Re: svn commit: r367631 - in head/sys: kern sys

2020-11-13 Thread Mateusz Guzik
On 11/13/20, Konstantin Belousov  wrote:
> +static u_long vn_lock_pair_pause_cnt;
> +SYSCTL_ULONG(_debug, OID_AUTO, vn_lock_pair_pause, CTLFLAG_RD,
> +_lock_pair_pause_cnt, 0,
> +"Count of vn_lock_pair deadlocks");
> +
> +static void
> +vn_lock_pair_pause(const char *wmesg)
> +{
> + atomic_add_long(_lock_pair_pause_cnt, 1);
> + pause(wmesg, prng32_bounded(hz / 10));
> +}
> +
> +/*
> + * Lock pair of vnodes vp1, vp2, avoiding lock order reversal.
> + * vp1_locked indicates whether vp1 is exclusively locked; if not, vp1
> + * must be unlocked.  Same for vp2 and vp2_locked.  One of the vnodes
> + * can be NULL.
> + *
> + * The function returns with both vnodes exclusively locked, and
> + * guarantees that it does not create lock order reversal with other
> + * threads during its execution.  Both vnodes could be unlocked
> + * temporary (and reclaimed).
> + */
> +void
> +vn_lock_pair(struct vnode *vp1, bool vp1_locked, struct vnode *vp2,
> +bool vp2_locked)
> +{
> + int error;
> +
> + if (vp1 == NULL && vp2 == NULL)
> + return;
> + if (vp1 != NULL) {
> + if (vp1_locked)
> + ASSERT_VOP_ELOCKED(vp1, "vp1");
> + else
> + ASSERT_VOP_UNLOCKED(vp1, "vp1");
> + } else {
> + vp1_locked = true;
> + }
> + if (vp2 != NULL) {
> + if (vp2_locked)
> + ASSERT_VOP_ELOCKED(vp2, "vp2");
> + else
> + ASSERT_VOP_UNLOCKED(vp2, "vp2");
> + } else {
> + vp2_locked = true;
> + }
> + if (!vp1_locked && !vp2_locked) {
> + vn_lock(vp1, LK_EXCLUSIVE | LK_RETRY);
> + vp1_locked = true;
> + }
> +
> + for (;;) {
> + if (vp1_locked && vp2_locked)
> + break;
> + if (vp1_locked && vp2 != NULL) {
> + if (vp1 != NULL) {
> + error = VOP_LOCK1(vp2, LK_EXCLUSIVE | LK_NOWAIT,
> + __FILE__, __LINE__);
> + if (error == 0)
> + break;
> + VOP_UNLOCK(vp1);
> + vp1_locked = false;
> + vn_lock_pair_pause("vlp1");
> + }
> + vn_lock(vp2, LK_EXCLUSIVE | LK_RETRY);
> + vp2_locked = true;
> + }
> + if (vp2_locked && vp1 != NULL) {
> + if (vp2 != NULL) {
> + error = VOP_LOCK1(vp1, LK_EXCLUSIVE | LK_NOWAIT,
> + __FILE__, __LINE__);
> + if (error == 0)
> + break;
> + VOP_UNLOCK(vp2);
> + vp2_locked = false;
> + vn_lock_pair_pause("vlp2");
> + }
> + vn_lock(vp1, LK_EXCLUSIVE | LK_RETRY);
> + vp1_locked = true;
> + }
> + }
> + if (vp1 != NULL)
> + ASSERT_VOP_ELOCKED(vp1, "vp1 ret");
> + if (vp2 != NULL)
> + ASSERT_VOP_ELOCKED(vp2, "vp2 ret");
>  }
>

Multiple callers who get here with flipped addresses can end up
failing against each other in an indefinite loop.

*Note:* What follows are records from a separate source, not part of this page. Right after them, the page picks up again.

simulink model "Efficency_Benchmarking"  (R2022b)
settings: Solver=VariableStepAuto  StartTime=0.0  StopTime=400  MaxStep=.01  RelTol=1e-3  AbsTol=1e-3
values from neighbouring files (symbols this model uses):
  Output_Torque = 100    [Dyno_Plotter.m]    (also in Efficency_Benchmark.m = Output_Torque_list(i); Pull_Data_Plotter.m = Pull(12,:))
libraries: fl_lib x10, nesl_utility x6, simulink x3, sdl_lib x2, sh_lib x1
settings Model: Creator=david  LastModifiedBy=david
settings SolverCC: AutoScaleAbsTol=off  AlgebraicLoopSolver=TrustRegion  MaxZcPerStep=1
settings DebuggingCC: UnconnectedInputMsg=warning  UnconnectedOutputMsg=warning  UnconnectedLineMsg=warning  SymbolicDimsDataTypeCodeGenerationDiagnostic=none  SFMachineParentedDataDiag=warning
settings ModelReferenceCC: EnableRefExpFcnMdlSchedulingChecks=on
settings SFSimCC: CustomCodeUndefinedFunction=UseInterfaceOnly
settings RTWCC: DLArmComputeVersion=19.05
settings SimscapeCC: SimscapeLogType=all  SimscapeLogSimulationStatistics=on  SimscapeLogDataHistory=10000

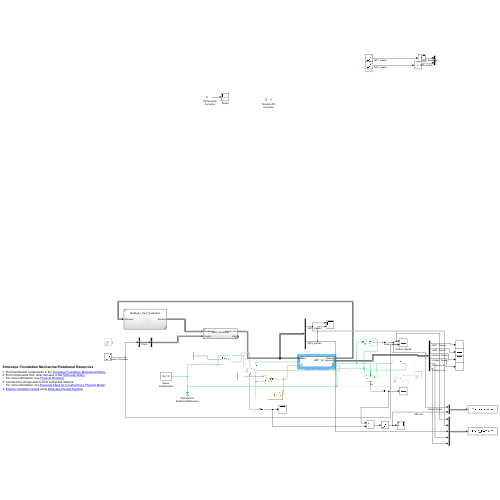
[thumbnail: Simulink's stored preview of the top-level diagram]
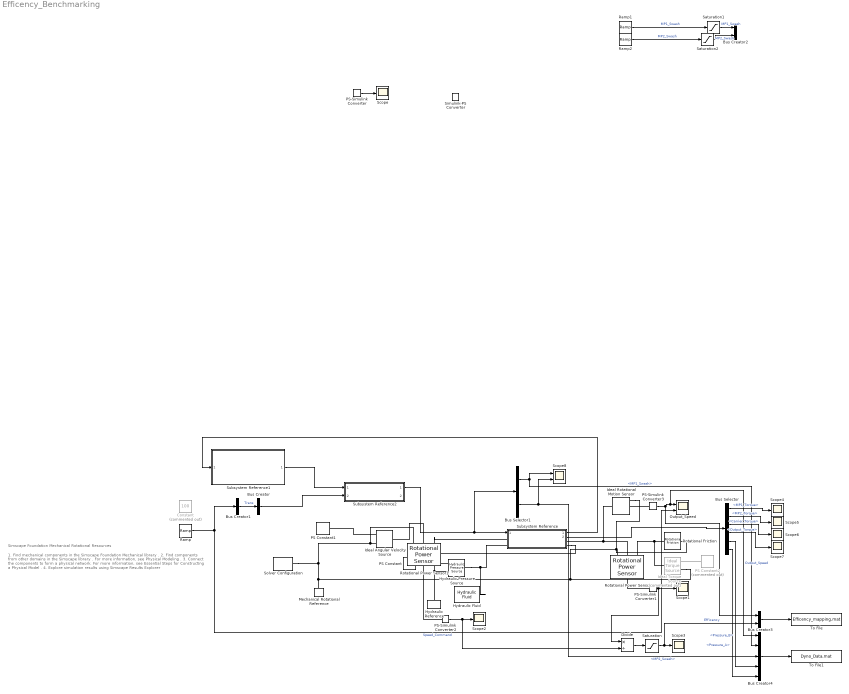
== system Efficency_Benchmarking ==
  note: 1. Find mechanical components in the Simscape Foundation Mechanical library .
      | 2. Find components from other domains in the Simscape library .
      | For more information, see Physical Modeling .
      | 3. Connect the components to form a physical network.
      | For more information, see Essential Steps for Constructing a Physical Model .
      | 4. Explore simulation results using Simscape Results Explorer
  note: Simscape Foundation Mechanical Rotational Resources
  Bus Creator : BusCreator  Inputs=1
  Bus Creator1 : BusCreator  Inputs=1
  Bus Creator2 : BusCreator  Inputs=2
  Bus Creator3 : BusCreator  Inputs=2
  Bus Creator4 : BusCreator  Inputs=5
  Bus Selector : BusSelector  OutputSignals=MP1_Torque,MP2_Torque,Carrier_Torque,Output_Torque,Pressure_B,Pressure_A
  Bus Selector1 : BusSelector  OutputSignals=MP1_Swash,MP2_Swash
  Constant : Constant  Commented=on  Value=100
  Divide : Product  Inputs=*/
  Hydraulic Fluid : sh_lib/Hydraulic Utilities/Hydraulic Fluid  SelFluid=15  SysTemp=60  TrapAir=0.005  ViscDerFactor=1  range_error=2
  Hydraulic Pressure Source : fl_lib/Hydraulic/Hydraulic Sources/Hydraulic Pressure Source
      settings: InternalSimscapePortConfiguration="{\"Bottom\":[],\"Left\":[{\"id\":\"P\",\"label\":\"P\",\"type\":\"foundation.hydraulic.hydraulic\"}],\"Right\":[{\"id\":\"S\",\"label\":\"S\",\"type\":\"input\"},{\"id\":\"T\",\"label\":\"T\",\"type\":\"foundation.hydraulic.hydraulic\"}],\"Top\":[]}"
  Hydraulic Reference : fl_lib/Hydraulic/Hydraulic Elements/Hydraulic Reference
  Ideal Angular Velocity Source : fl_lib/Mechanical/Mechanical Sources/Ideal Angular Velocity Source
  Ideal Rotational Motion Sensor : fl_lib/Mechanical/Mechanical Sensors/Ideal Rotational Motion Sensor  reference=foundation.enum.MeasurementReference.difference  acceleration_port=false  velocity_port=true  position_port=true  wrap_angle=false  offset=0 rad
  Ideal Torque Source : fl_lib/Mechanical/Mechanical Sources/Ideal Torque Source  Commented=on
  Mechanical Rotational Reference : fl_lib/Mechanical/Rotational Elements/Mechanical Rotational Reference
  Output_Speed : Scope  NumInputPorts=2
  PS Constant : fl_lib/Physical Signals/Sources/PS Constant  constant=150 psi
  PS Constant1 : fl_lib/Physical Signals/Sources/PS Constant  constant=Efficency_input_speed rpm
  PS Constant2 : fl_lib/Physical Signals/Sources/PS Constant  Commented=on  constant=Output_Torque ft*lb
  PS-Simulink Converter : nesl_utility/PS-Simulink Converter  PhysicalDomain=network_engine_domain  SubClassName=ps_output  LeftPortType=input  RightPortType=output  PseudoPeriodic=off  Frequencies=[]  VectorFormat=inherit  Unit=inherit  AffineConversion=off
  PS-Simulink Converter1 : nesl_utility/PS-Simulink Converter  PhysicalDomain=network_engine_domain  SubClassName=ps_output  LeftPortType=input  RightPortType=output  PseudoPeriodic=off  Frequencies=[]  VectorFormat=inherit  Unit=inherit  AffineConversion=off
  PS-Simulink Converter2 : nesl_utility/PS-Simulink Converter  PhysicalDomain=network_engine_domain  SubClassName=ps_output  LeftPortType=input  RightPortType=output  PseudoPeriodic=off  Frequencies=[]  VectorFormat=inherit  Unit=inherit  AffineConversion=off
  PS-Simulink Converter3 : nesl_utility/PS-Simulink Converter  PhysicalDomain=network_engine_domain  SubClassName=ps_output  LeftPortType=input  RightPortType=output  PseudoPeriodic=off  Frequencies=[]  VectorFormat=inherit  Unit=rpm  AffineConversion=off
  Ramp : simulink/Sources/Ramp  slope=7  start=0  InitialOutput=-300
  Ramp1 : simulink/Sources/Ramp  slope=-.01  start=0  InitialOutput=0
  Ramp2 : simulink/Sources/Ramp  slope=.01  start=100  InitialOutput=-1
  Rotational Friction : fl_lib/Mechanical/Rotational Elements/Rotational Friction  brkwy_trq=Output_Torque lbf*ft  brkwy_vel=0.1 rad/s  Col_trq=Output_Torque-.1 lbf*ft  visc_coef=0.001 N*m*s/rad  w_specify=off  w_priority=None  w=0 rad/s  w_nominal_specify=off  w_nominal_unit=rad/s  w_nominal_value=1  t_specify=off  t_priority=None  t=0 N*m  t_nominal_specify=off  t_nominal_unit=N*m  t_nominal_value=1
  Rotational Power Sensor : sdl_lib/Sensors/Rotational Power Sensor  measurement_type=sdl.enum.rotationalPowerSensorType.instantaneous  averaging_period=1 s  max_frequency=1000 Hz  max_speed=1000 rpm
      settings: InternalSimscapePortConfiguration="{\"Bottom\":[],\"Left\":[{\"id\":\"S\",\"label\":\"S\",\"type\":\"foundation.mechanical.rotational.rotational\"},{\"id\":\"R\",\"label\":\"R\",\"type\":\"foundation.mechanical.rotational.rotational\"},{\"id\":\"C\",\"label\":\"C\",\"type\":\"foundation.mechanical.rotational.rotational\"}],\"Right\":[{\"id\":\"P\",\"label\":\"P\",\"type\":\"output\"}],\"Top\":[]}"
  Rotational Power Sensor1 : sdl_lib/Sensors/Rotational Power Sensor  measurement_type=sdl.enum.rotationalPowerSensorType.instantaneous  averaging_period=1 s  max_frequency=1000 Hz  max_speed=1000 rpm
      settings: InternalSimscapePortConfiguration="{\"Bottom\":[],\"Left\":[{\"id\":\"S\",\"label\":\"S\",\"type\":\"foundation.mechanical.rotational.rotational\"},{\"id\":\"R\",\"label\":\"R\",\"type\":\"foundation.mechanical.rotational.rotational\"},{\"id\":\"C\",\"label\":\"C\",\"type\":\"foundation.mechanical.rotational.rotational\"}],\"Right\":[{\"id\":\"P\",\"label\":\"P\",\"type\":\"output\"}],\"Top\":[]}"
  Saturation : Saturate  UpperLimit=1  LowerLimit=-1
  Saturation1 : Saturate  UpperLimit=1  LowerLimit=-1
  Saturation2 : Saturate  UpperLimit=1  LowerLimit=-1
  Scope{,1..7} (8 alike) : Scope
  Scope8 : Scope  NumInputPorts=2
  Simulink-PS Converter : nesl_utility/Simulink-PS Converter  PhysicalDomain=network_engine_domain  SubClassName=ps_input  LeftPortType=input  RightPortType=output  PseudoPeriodic=off  Frequencies=[]  NoiseDistribution=none  NoiseParameters=[]  Unit=1  AffineConversion=off  FilteringAndDerivatives=provide  SimscapeFilterOrder=1  InputFilterTimeConstant=0.001  UdotUserProvided=0
  Solver Configuration : nesl_utility/Solver Configuration  PhysicalDomain=network_engine_domain  SubClassName=solver  LeftPortType=input  RightPortType=generic  Tones=[]  Harmonics=[]  SimulateNoise=off  Profile=off  UseLocalSampling=off  EnableSwitchedLinearOptims=on  FrequencyDomain=off  UseCCode=off  RelTol=0.001  AbsTol=1e-06  MinStep=1e-09  ToWorkspace=off  RevertToSquareIcSolve=off  NumHomotopyIterations=100  PhasorMode=off  PhasorModeNumHarmonics=1  ConsistencySolver=NEWTON_XTOL_AFTER_FTOL  IndexReductionMethod=DerivativeReplacement  DoDC=off  ResidualTolerance=1e-09  ConsistencyTolSource=GLOBAL  ConsistencyAbsTol=0.001  ConsistencyRelTol=0.001  ConsistencyTolFactor=0.001  UseLocalSolver=off  LocalSolverChoice=NE_BACKWARD_EULER_ADVANCER  ResolveIndetEquations=on  FunctionEvalNumThread=1  LocalSolverSampleTime=0.001  DoFixedCost=off  MaxNonlinIter=3  MaxModeIter=2  ComputeImpulses=off  ImpulseIterations=2  LinearAlgebra=auto  LinearAlgebraNumThread=0  EquationFormulation=NE_TIME_EF  DelaysMemoryBudget=1024  AutomaticFiltering=on  FilteringTimeConstant=0.001  PartitionStorageMethod=AS_NEEDED  PartitionMemoryBudget=1024  PartitionMethod=ROBUST
  Subsystem Reference : Subsystem  ReferencedSubsystem=HMT
      settings: PortSchema="{\"entries\":[{\"content\":{\"sides\":[{\"content\":{\"connectorIds\":[\"In1\",\"RConn1\",\"LConn2\"]},\"type\":\"ConnectorPlacement.EquallySpacedRectSide\",\"uuid\":\"fdedb491-33de-44d0-87bf-4d938b73adb2\"},{\"content\":{\"connectorIds\":[\"Out1\",\"Out2\",\"LConn1\",\"RConn2\"],\"side\":\"RIGHT\"},\"type\":\"ConnectorPlacement.EquallySpacedRectSide\",\"uuid\":\"846da588-6b34-4f0a-8826-c79aa7268cc7\"},{\"content\":{\"connectorIds\":[],\"side\":\"TOP\"},\"type\":\"ConnectorPlacement.EquallySpacedRectSide\",\"uuid\":\"12499447-05b1-4785-87b7-03b761060a74\"}]},\"type\":\"ConnectorPlacement.EquallySpacedConnector\",\"uuid\":\"53284d45-9163-442b-91da-45ee3b70adf9\"}],\"packageUris\":[\"http://schema.mathworks.com/mf0/Connector/R2020b\"],\"version\":\"1.0\"}"
  Subsystem Reference1 : Subsystem  ReferencedSubsystem=Multibody_Input_Calibration
  Subsystem Reference2 : Subsystem  ReferencedSubsystem=HMT_Controller
  To File : ToFile  Filename=Efficency_mapping.mat  MatrixName=Eff  SampleTime=.1
  To File1 : ToFile  Filename=Dyno_Data.mat  MatrixName=Dyno  SampleTime=.1
  wires:
  PS-Simulink Converter/1 -> Scope/1
  Subsystem Reference1/1 -> Subsystem Reference2/1
  Bus Creator/1 -> Subsystem Reference2/2
  Subsystem Reference/1 -> Subsystem Reference1/1
  PS-Simulink Converter1/1 -> Divide/1, Scope1/1
  Bus Creator1/1 -> Bus Creator/1  "Trans"
  PS-Simulink Converter2/1 -> Divide/2, Scope2/1
  Divide/1 -> Saturation/1
  Saturation/1 -> Bus Creator3/2, Scope3/1  "Efficency"
  Subsystem Reference/2 -> Bus Selector/1
  Bus Selector/1 -> Scope4/1  "<MP1_Torque>"
  Bus Selector/2 -> Scope5/1  "<MP2_Torque>"
  Bus Selector/3 -> Scope6/1  "<Carrier_Torque>"
  Bus Selector/4 -> Scope7/1  "<Output_Torque>"
  Bus Selector1/1 -> Bus Creator4/2, Scope8/1  "<MP1_Swash>"
  Bus Selector1/2 -> Bus Creator4/3, Scope8/2  "<MP2_Swash>"
  PS-Simulink Converter3/1 -> Bus Creator3/1, Bus Creator4/1, Output_Speed/1  "Output_Speed"
  Ramp/1 -> Bus Creator1/1, Output_Speed/2  "Speed_Command"
  Saturation1/1 -> Bus Creator2/1  "MP1_Swash"
  Saturation2/1 -> Bus Creator2/2  "MP2_Swash"
  Bus Creator3/1 -> To File/1
  Bus Creator4/1 -> To File1/1
  Bus Selector/5 -> Bus Creator4/4  "<Pressure_B>"
  Bus Selector/6 -> Bus Creator4/5  "<Pressure_A>"
  Ramp2/1 -> Saturation2/1  "MP2_Swash"
  Ramp1/1 -> Saturation1/1  "MP1_Swash"
  Subsystem Reference2/1 -> Bus Selector1/1, Subsystem Reference/1
  connections:
  Solver Configuration/RConn1 -- Rotational Power Sensor1/LConn3 -- Ideal Angular Velocity Source/RConn2 -- Ideal Torque Source/RConn2 -- Rotational Friction/RConn1 -- Ideal Rotational Motion Sensor/RConn1 -- Rotational Power Sensor/LConn3 -- Mechanical Rotational Reference/LConn1
  Hydraulic Pressure Source/RConn2 -- Hydraulic Reference/LConn1 -- Subsystem Reference/RConn2
  Hydraulic Pressure Source/LConn1 -- Hydraulic Fluid/RConn1 -- Subsystem Reference/LConn2
  Hydraulic Pressure Source/RConn1 -- PS Constant/RConn1
  Ideal Angular Velocity Source/RConn1 -- PS Constant1/RConn1
  Rotational Power Sensor/LConn2 -- Ideal Rotational Motion Sensor/LConn1 -- Subsystem Reference/LConn1
  Rotational Friction/LConn1 -- Ideal Torque Source/LConn1 -- Rotational Power Sensor/LConn1
  PS-Simulink Converter1/LConn1 -- Rotational Power Sensor/RConn1
  Rotational Power Sensor1/LConn1 -- Subsystem Reference/RConn1
  Rotational Power Sensor1/LConn2 -- Ideal Angular Velocity Source/LConn1
  PS-Simulink Converter2/LConn1 -- Rotational Power Sensor1/RConn1
  PS-Simulink Converter3/LConn1 -- Ideal Rotational Motion Sensor/RConn2
  PS Constant2/RConn1 -- Ideal Torque Source/RConn1

Instead, after initial trylocking fails, the routine should establish
ordering it will follow for itself, for example by sorting by address.

Then pseudo-code would be:
retry:
vn_lock(lower, ...);
if (!VOP_LOCK(higher, LK_NOWAIT ...)) {
 vn_unlock(lower);
 vn_lock(higher);
 vn_unlock(higher);
 goto retry;
}

Note this also eliminates the pause.

-- 
Mateusz Guzik 
___
svn-src-all@freebsd.org mailing list
https://lists.freebsd.org/mailman/listinfo/svn-src-all
To unsubscribe, send any mail to "svn-src-all-unsubscr...@freebsd.org"


Re: svn commit: r367631 - in head/sys: kern sys

2020-11-13 Thread Conrad Meyer
Hi Konstantin,

On Fri, Nov 13, 2020 at 1:32 AM Konstantin Belousov  wrote:
>
> Author: kib
> Date: Fri Nov 13 09:31:57 2020
> New Revision: 367631
> URL: https://svnweb.freebsd.org/changeset/base/367631
>
> Log:
>   Implement vn_lock_pair().
>
> Modified: head/sys/kern/vfs_vnops.c
> ==
> --- head/sys/kern/vfs_vnops.c   Fri Nov 13 02:05:45 2020(r367630)
> +++ head/sys/kern/vfs_vnops.c   Fri Nov 13 09:31:57 2020(r367631)
> @@ -3317,4 +3325,92 @@ vn_fallocate(struct file *fp, off_t offset, off_t len,
> ...
> +
> +static void
> +vn_lock_pair_pause(const char *wmesg)
> +{
> +   atomic_add_long(_lock_pair_pause_cnt, 1);
> +   pause(wmesg, prng32_bounded(hz / 10));
> +}

This function is called when the try-lock of the second lock in the
pair (either order) fails.  The back-off period is up to 100ms,
expected average 50ms.  That seems really high?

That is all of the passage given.